(WORK ORDER): Where a line contains the word "ezdxf", copy that line from the records below.

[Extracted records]
****************************************
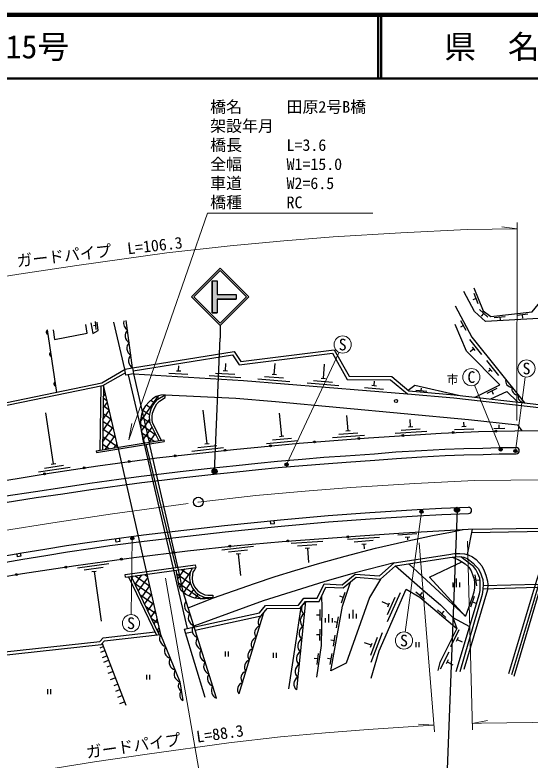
# Model space of a CAD drawing. Units: millimetres at full size, sheet at 1:1000; details may follow other scales. Extents: x 40000 to 680000, y 20000 to 380000.
# Drawn here: x 240690 to 321626, y 262935 to 380000 of the extents above; entities that cross this region are included whole.
import ezdxf
from ezdxf.enums import TextEntityAlignment as Align

# ---------------------------------------------------------------- set-up
doc = ezdxf.new("R2010")
doc.units = ezdxf.units.MM
doc.header["$LTSCALE"] = 1000
doc.linetypes.add('CHAIN', pattern=[18.5, 12, -1.5, 3.5, -1.5])
for name, color, linetype, lineweight in [('M-BGD', 7, 'Continuous', 25), ('M-BGD-HTXT', 7, 'Continuous', 13), ('M-BMK', 2, 'CHAIN', 13), ('M-BMK-SRVR', 3, 'Continuous', 25), ('M-STR-HTXT', 7, 'Continuous', 13), ('M-STR-STRC', 7, 'Continuous', 25), ('M-TTL', 2, 'Continuous', 140), ('M-TTL-LINE', 7, 'Continuous', 50)]:
    doc.layers.add(name, color=color, linetype=linetype, lineweight=lineweight)
doc.layers.add('M-BGD-EXST', color=7, linetype='Continuous')
doc.layers.add('M-TTL-TXT', color=7, linetype='Continuous')
doc.styles.add('ＭＳ ゴシック', font='')
doc.styles.get('ＭＳ ゴシック').set_extended_font_data('MS Gothic')
pattern_1 = [(55, (0, -0), (-819.152, 573.5764), []), (145, (0, -0), (-573.5764, -819.152), [])]

msp = doc.modelspace()

# ---------------------------------------------------------------- hatches: boundary and pattern name
at = {"layer": 'M-BGD'}
for points in [[(245821, 330463), (245913, 329844, -0.84072)], [(246336, 327002), (246428, 326383, -0.84072)], [(247030, 322336), (247122, 321717, -0.84072)]]:
    msp.add_hatch(color=256, dxfattribs=at).paths.add_polyline_path(points)
h = msp.add_hatch(dxfattribs=at)
h.set_pattern_fill('USER', color=256, style=0, pattern_type=2)
h.set_pattern_definition(pattern_1)
h.paths.add_polyline_path([(254459, 311698), (256851, 312087), (254596, 321839)])
h = msp.add_hatch(dxfattribs=at)
h.set_pattern_fill('USER', color=256, style=0, pattern_type=2)
h.set_pattern_definition(pattern_1)
h.paths.add_polyline_path([(261225, 318599), (260836, 317997), (260592, 317239), (260411, 316373), (260458, 315046), (260902, 312745), (263276, 313131), (261928, 315839), (261862, 316289), (261849, 316930), (261937, 317538), (262116, 318104), (262355, 318627), (262680, 319128), (263161, 319636), (264281, 320314), (263637, 320278), (262894, 320036), (262302, 319687), (261767, 319213)])
h = msp.add_hatch(dxfattribs=at)
h.set_pattern_fill('USER', color=256, style=0, pattern_type=2)
h.set_pattern_definition(pattern_1)
h.paths.add_polyline_path([(268144, 291535), (268193, 292129), (268287, 292569), (268530, 293034), (268587, 293133), (266033, 292777), (266500, 290289), (266767, 289623), (267569, 288965), (268460, 288520), (268939, 288396), (269809, 288286), (270594, 288282), (271801, 288377), (271802, 288455), (270974, 288461), (270410, 288531), (269707, 288838), (269132, 289240), (268581, 289932), (268202, 290778)])
h = msp.add_hatch(dxfattribs=at)
h.set_pattern_fill('USER', color=256, style=0, pattern_type=2)
h.set_pattern_definition(pattern_1)
h.paths.add_polyline_path([(263379, 282632), (263588, 282655), (261423, 292136), (258937, 291790)])
at = {"layer": 'M-STR-STRC'}
for points in [[(275444, 335329), (275444, 336079), (272444, 336079), (272444, 338204), (271694, 338204), (271694, 333204), (272444, 333204), (272444, 335329)], [(317223, 311855, -1), (316784, 311615, -1)], [(319546, 311611, -1), (319107, 311372, -1)], [(283586, 309485, -1), (283147, 309246, -1)], [(271728, 308065, -1), (272403, 308495, -1)], [(304779, 302074, -1), (304340, 301835, -1)], [(309807, 302037, -1), (310482, 302467, -1)], [(259354, 297889, -1), (258915, 297650, -1)]]:
    msp.add_hatch(color=256, dxfattribs=at).paths.add_polyline_path(points)

# ---------------------------------------------------------------- linework, layer by layer
at = {"layer": 'M-BGD'}
for p, q in [((313491, 334625), (312842, 336250)), ((313166, 335438), (312644, 335229)), ((314962, 332499), (313685, 333696)), ((314324, 333097), (313939, 332687)), ((317734, 332587), (315994, 332397)), ((316864, 332492), (316906, 332108)), ((321269, 332973), (319530, 332783)), ((320400, 332878), (320456, 332364)), ((253476, 330598), (253330, 331814)), ((257977, 324361), (256252, 331706)), ((259173, 324562), (258189, 331973)), ((311586, 330420), (310763, 331965)), ((247277, 320677), (245814, 330511)), ((245913, 329844), (245821, 330463)), ((253403, 331206), (253012, 331158)), ((311175, 331192), (310678, 330928)), ((314065, 326661), (312183, 328997)), ((312993, 327274), (312554, 327819)), ((246428, 326383), (246336, 327002)), ((312773, 327547), (312200, 327085)), ((316731, 323351), (314849, 325687)), ((257989, 324285), (254347, 322138)), ((266412, 324081), (266459, 324881)), ((273751, 324098), (273817, 325221)), ((281441, 323532), (281580, 325214)), ((289151, 322895), (289336, 325137)), ((315659, 323964), (315220, 324509)), ((258078, 323756), (254428, 321746)), ((258510, 323478), (261008, 312762)), ((259304, 323599), (261800, 312891)), ((264888, 323720), (267883, 323543)), ((266063, 324101), (266761, 324060)), ((271202, 323347), (276193, 323052)), ((272227, 323737), (275222, 323561)), ((273401, 324119), (274100, 324078)), ((279909, 323208), (282898, 322960)), ((281092, 323561), (281789, 323504)), ((315440, 324237), (315117, 323977)), ((247122, 321717), (247030, 322336)), ((278875, 322841), (283858, 322429)), ((286585, 322204), (291568, 321792)), ((287619, 322570), (290609, 322323)), ((288802, 322924), (289500, 322866)), ((297129, 321784), (297184, 322449)), ((254194, 321698), (254058, 311633)), ((295597, 321459), (298587, 321212)), ((296781, 321813), (297478, 321755)), ((303658, 321047), (305402, 320898)), ((304530, 320972), (304564, 321376)), ((316380, 321329), (314816, 320545)), ((315598, 320937), (315850, 320434)), ((246759, 309480), (245538, 317487)), ((270881, 312643), (270290, 317915)), ((282613, 313825), (282271, 317434)), ((293025, 314675), (292842, 317077)), ((302853, 315332), (302779, 316455)), ((301385, 314785), (304379, 314982)), ((302503, 315309), (303202, 315355)), ((309775, 314847), (312772, 314973)), ((310905, 315345), (311604, 315374)), ((311254, 315360), (311226, 316046)), ((315918, 315023), (317668, 315056)), ((316793, 315039), (316783, 315602)), ((282265, 313792), (282962, 313858)), ((290600, 313587), (295586, 313967)), ((291563, 314112), (294555, 314340)), ((292676, 314648), (293374, 314701)), ((300417, 314271), (305406, 314598)), ((253435, 311531), (264094, 313264)), ((253483, 311235), (264142, 312968)), ((267809, 283612), (261008, 312762)), ((266388, 292827), (261800, 312891)), ((264094, 313264), (264142, 312968)), ((270533, 312604), (271228, 312682)), ((280210, 312693), (285187, 313165)), ((281163, 313235), (284149, 313519)), ((253435, 311531), (253483, 311235)), ((256851, 312087), (261423, 292136)), ((261278, 312502), (265949, 293170)), ((268496, 311470), (273465, 312027)), ((269440, 312029), (272421, 312363)), ((245343, 308809), (248309, 309261)), ((246413, 309427), (247105, 309533)), ((244423, 308213), (249366, 308967)), ((312533, 299214), (311744, 295214)), ((297945, 297926), (292958, 297567)), ((296980, 297406), (293988, 297190)), ((303829, 298483), (300835, 298287)), ((302711, 297959), (302012, 297913)), ((302362, 297936), (302389, 297514)), ((278166, 296474), (273195, 295938)), ((289070, 297296), (284082, 296945)), ((288104, 296777), (285111, 296567)), ((286988, 296247), (286290, 296198)), ((286639, 296223), (286797, 293978)), ((295865, 296874), (295167, 296824)), ((295516, 296849), (295569, 296115)), ((277220, 295919), (274237, 295598)), ((276125, 295349), (275429, 295274)), ((275777, 295311), (276138, 291956)), ((255468, 293779), (250517, 293080)), ((254541, 293194), (251571, 292774)), ((258011, 292065), (269034, 293599)), ((258066, 291669), (269089, 293203)), ((267105, 289345), (266387, 292831)), ((269034, 293599), (269089, 293203)), ((302567, 293756), (311478, 285520)), ((253465, 292587), (252772, 292489)), ((253119, 292538), (254220, 284741)), ((258066, 291669), (258011, 292065)), ((258520, 291732), (262957, 282586)), ((258937, 291790), (263379, 282632)), ((261423, 292136), (263588, 282655)), ((312942, 292043), (313190, 290310)), ((309516, 290114), (309516, 290811)), ((310049, 290114), (310049, 291443)), ((310582, 290114), (310582, 290811)), ((313066, 291177), (313623, 291256)), ((314230, 290348), (322964, 290583)), ((272382, 272664), (267105, 289345)), ((292017, 287663), (292573, 289323)), ((299223, 284697), (301262, 289263)), ((303687, 289391), (305050, 288292)), ((304368, 288841), (304722, 289279)), ((314218, 289847), (322814, 290078)), ((271804, 288855), (271801, 288377)), ((292295, 288493), (291762, 288672)), ((299220, 285794), (300444, 288533)), ((312825, 288616), (312279, 286954)), ((286326, 287868), (284912, 273974)), ((299421, 287347), (298394, 287806)), ((299278, 287027), (299564, 287666)), ((312552, 287785), (313087, 287610)), ((279742, 286064), (275895, 273322)), ((288657, 285721), (288095, 285728)), ((288646, 284846), (288669, 286596)), ((290030, 284534), (290030, 285862)), ((293274, 285203), (293274, 285900)), ((293807, 285203), (293807, 286532)), ((294341, 285203), (294341, 285900)), ((307088, 286517), (308392, 285351)), ((307740, 285934), (308115, 286353)), ((289496, 284534), (289496, 285231)), ((290563, 284534), (290563, 285231)), ((291390, 284565), (290836, 284664)), ((291236, 283704), (291544, 285427)), ((309478, 285339), (312129, 283901)), ((267289, 283499), (270515, 272805)), ((288605, 281739), (288628, 283488)), ((310422, 283422), (309128, 280715)), ((267479, 282867), (268559, 283107)), ((288616, 282614), (288054, 282621)), ((290721, 280828), (291029, 282550)), ((296581, 279416), (297641, 282223)), ((296649, 278322), (298415, 282999)), ((310332, 282190), (310030, 281559)), ((254396, 281260), (258093, 271560)), ((290875, 281689), (290322, 281788)), ((296690, 280979), (295637, 281376)), ((296566, 280651), (296814, 281306)), ((303701, 281482), (303701, 280700)), ((304167, 281482), (304167, 280700)), ((310181, 281874), (310956, 281504)), ((254069, 280589), (254578, 280783)), ((254184, 279912), (254818, 280153)), ((273720, 280014), (273720, 279231)), ((274187, 280014), (274187, 279231)), ((308869, 279913), (307508, 277240)), ((254463, 279050), (255140, 279308)), ((281276, 279762), (281276, 278979)), ((281742, 279762), (281742, 278979)), ((288281, 278835), (287725, 278917)), ((288154, 277970), (288408, 279701)), ((290358, 278795), (289804, 278894)), ((290204, 277933), (290512, 279656)), ((308749, 278684), (308431, 278060)), ((254669, 278330), (255406, 278611)), ((255180, 277562), (255726, 277770)), ((308590, 278372), (309509, 277904)), ((255355, 276593), (256071, 276866)), ((261344, 276355), (261344, 275573)), ((261811, 276355), (261811, 275573)), ((255728, 275572), (256458, 275850)), ((245797, 274084), (245797, 273301)), ((246263, 274084), (246263, 273301)), ((256277, 274655), (256833, 274867)), ((256553, 273785), (257157, 274015)), ((256850, 272818), (257517, 273072)), ((257168, 271811), (257892, 272087))]:
    msp.add_line(p, q, dxfattribs=at)
for points in [[(340294, 319819), (338525, 324443), (331215, 330769), (326662, 332530), (314611, 331844), (312886, 333407), (311225, 336553)], [(312805, 337101), (314240, 333507), (315450, 332621), (321948, 333330), (324963, 337084)], [(309851, 334275), (312472, 329356), (320758, 319069)], [(246697, 330525), (246934, 329001), (252018, 329995), (251837, 331349)], [(252640, 331609), (252916, 329931), (253781, 330424), (253623, 331733)], [(312996, 319949), (316887, 321897), (311661, 327160), (309849, 331390)], [(259173, 324562), (275132, 327142), (276190, 325562), (290835, 327406), (293189, 323228), (299902, 323184), (302574, 320932), (309680, 320325), (323454, 318763), (325841, 318758), (340294, 319819), (341437, 318770), (353220, 318993), (353917, 318230), (363703, 318998), (364966, 317484), (386534, 315340), (401521, 313504), (418949, 310677), (422005, 310592)], [(259253, 324068), (274895, 326597), (275946, 325027), (290565, 326868), (292896, 322730), (299718, 322685), (302373, 320447), (309631, 319828), (323450, 318264), (325859, 318257), (340115, 319304), (341246, 318266), (353003, 318489), (353713, 317712), (363485, 318479), (364713, 317007), (386479, 314843), (401451, 313009), (418902, 310178), (421966, 310093)], [(259304, 323599), (276616, 322577), (302373, 320447)], [(254347, 322138), (221392, 315329), (216245, 318433)], [(254428, 321746), (221320, 314906), (216038, 318090)], [(256851, 312087), (254596, 321839), (254459, 311698)], [(302466, 321023), (303529, 321853), (310380, 320246)], [(315480, 319668), (317992, 320843), (319660, 319194)], [(264281, 320314), (263637, 320278), (262894, 320036), (262302, 319687), (261767, 319213), (261225, 318599), (260836, 317997), (260592, 317239), (260411, 316373), (260458, 315046), (260902, 312745)], [(263276, 313131), (261928, 315839), (261862, 316289), (261849, 316930), (261937, 317538), (262116, 318104), (262355, 318627), (262680, 319128), (263161, 319636), (264281, 320314)], [(263690, 313198), (262315, 315960), (262261, 316322), (262249, 316905), (262328, 317449), (262490, 317960), (262707, 318434), (262995, 318879), (263422, 319330), (264281, 319918), (264281, 320314)], [(264281, 320314), (275423, 319784), (281628, 319276), (311968, 316455), (319638, 315619), (320303, 314669)], [(212634, 302181), (217738, 303124), (226660, 304717), (234971, 306173), (246054, 308007), (253707, 309173), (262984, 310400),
****************************************
(TASK ANSWER):
import ezdxf
from ezdxf.enums import TextEntityAlignment as Align
doc = ezdxf.new("R2010")
doc.units = ezdxf.units.MM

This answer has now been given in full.